A History of the 21st Century

#230 in the Moʻolelo series, here I try to determine what events in the years since 2000 pass the threshold for being considered historical – it is a difficult process to view your own time from the lens of history and here I just take a first stab at such a process, focusing mainly on how events affected Hawaiians.

In 2000, the Rice v Cayetano case had just been settled at the Supreme Court and the Hawaiian community was reeling from a new climate in which one of the few exclusive, “special” rights Hawaiians had was undermined. Attacks followed on all the Hawaiian trusts, most unsuccessful: Hawaiian Homes, OHA itself and Kamehameha Schools admissions policy, in an era I call the “backlash.” Opponents, who later organized into institutional form in the Grassroot Institute, sometimes used civil rights concepts against these programs, arguing that they were not “colorblind.” In 2006, Kamehameha briefly lost its admissions policy, but this decision was reversed in en banc review. The Akaka bill appeared in multiple forms between 1999 and 2012, more and more “watered down” in my view, but more importantly, using strange logic to circumvent the use of race in the selection of leadership. The bill ended its 13 year run after the death of Senator Daniel Inouye and retirement of Senator Daniel Akaka.
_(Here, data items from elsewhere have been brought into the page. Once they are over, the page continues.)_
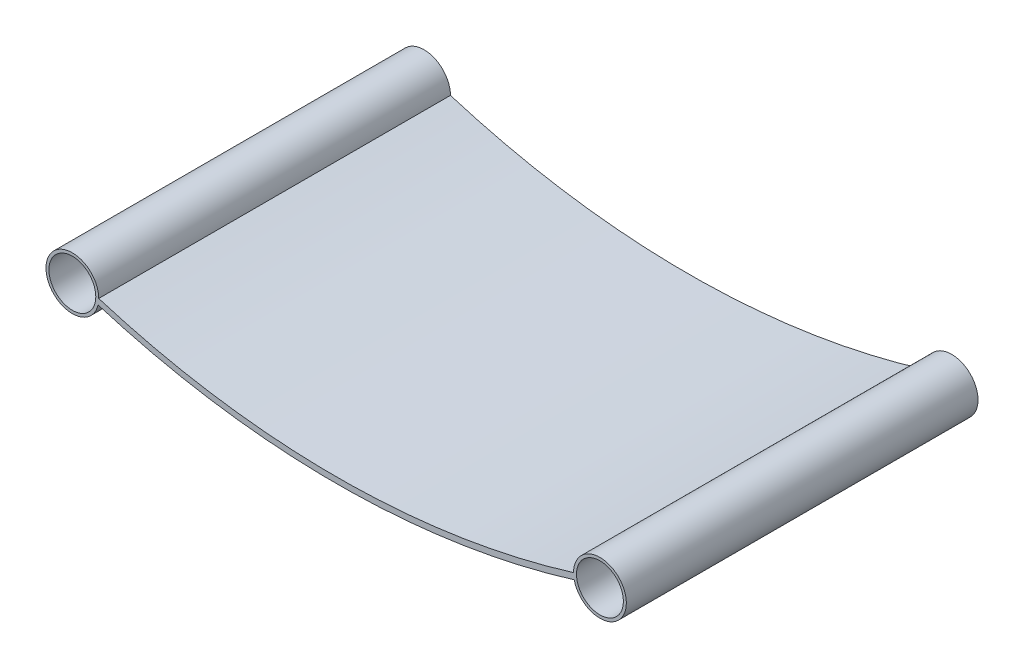
SolidWorks part; units mm, degrees
ref_plane "Front Plane" through (0, 0, 0) normal (0, 0, 1) x (1, 0, 0)
ref_plane "Top Plane" through (0, 0, 0) normal (0, 1, 0) x (1, 0, 0)
ref_plane "Right Plane" through (0, 0, 0) normal (1, 0, 0) x (0, 0, -1)
sketch "Sketch2" plane through (0, 0, 0) normal (0, 0, 1) x (1, 0, 0)
  circle A0 centre (45, 0) radius 4
  circle A1 centre (-45, 0) radius 4
  circle A2 centre (-45, 0) radius 4.5
  circle A3 centre (45, 0) radius 4.5
  point P4 (0, 0)
  dimension "D1" = 9
  dimension "D2" = 8
  dimension "D3" = 8
  dimension "D4" = 9
  dimension "D5" = 90
extrude "Boss-Extrude1" add sketch "Sketch2" against normal blind 60
sketch "Sketch3" plane through (0, 0, 0) normal (0, 0, 1) x (1, 0, 0)
  line L0 (40.5, 0) -> (40.7938, -0.9559)
  line L1 (-40.5, 0) -> (-40.7938, -0.9559)
  arc A0 (40.5, 0) -> (-40.5, 0) centre (0, 131.7814) cw
  circle A1 centre (45, 0) radius 4.5 construction
  circle A2 centre (-45, 0) radius 4.5 construction
  arc A3 (40.7938, -0.9559) -> (-40.7938, -0.9559) centre (0, 131.7814) cw
  dimension "D1" = 1
extrude "Boss-Extrude2" add sketch "Sketch3" against normal blind 60

At the same time, between 1999 and 2001, the groundbreaking Larsen v. Hawaiian Kingdom case took place at the Permanent Court of Arbitration at The Hague, Netherlands. The case concerned a Hawaiian national, Lance Larsen, who had been incarcerated for driving without license plates and claimed that the Acting Hawaiian Kingdom, led by Keanu Sai, should have protected his rights. The case at The Hague centered around whether the United States was required to participate in the proceedings (it had explicitly refused to do so), but the subtext was really whether the Hawaiian Kingdom existed as an Independent State. The outcome of this case has been debated and many are inconclusive as to its meaning, but the record in the PCA does list the Hawaiian Kingdom as a “State” i.e., sovereign country.

In 2002, Republican Linda Lingle was elected Governor and she initiated the most aggressive distribution of Hawaiian homes leases in the program’s history – about one third of all leases in the programʻs history were disbursed in the first few years of the Lingle administration. In 2010, Neil Abercrombie was elected in what turned out to be one term. Abercrombie immediately got Bill 195 passed, granting to OHA the lands of Kakaʻako Mākai, valued at the time at $187 million, to settle claims to ceded lands revenue up to that point (not future revenue due).

In 2014, the Department of Interior held hearings on most islands and sites on the US continent (some in Indian casinos) asking for feedback on a proposed “rule change” that would allow for the recognition of a Hawaiian national entity akin to an Native American nation – what we now call “Fed Rec.” About 98% percent of oral testimony in Hawaiʻi was in opposition to the rule change and the term “occupation” was often heard at the hearings (I attended the hearing at the State Capitol), showing the growth of the independence movement. When written testimony was recorded later, the balance was 65% in favor of the rule change and 35% opposed, according to a count made by Law Professor Williamson Chang. (Most of the written testimony in favor were form letters provided by the Hawaiian Civic Clubs).

In conjunction with this nation-building effort, the Native Hawaiian Roll Commission, called Kanaʻiolowalu, was organized, followed by a constitutional convention, called Naʻi Aupuni. The certification of the election of delegates was prevented, however, by the US Supreme Court and so the convention occurred with all candidates admitted as “participants” (the couldnʻt be called delegates on account of not being elected). The election of Donald Trump in 2016 prevented the continuation of these processes, though they could continue under the Biden administration.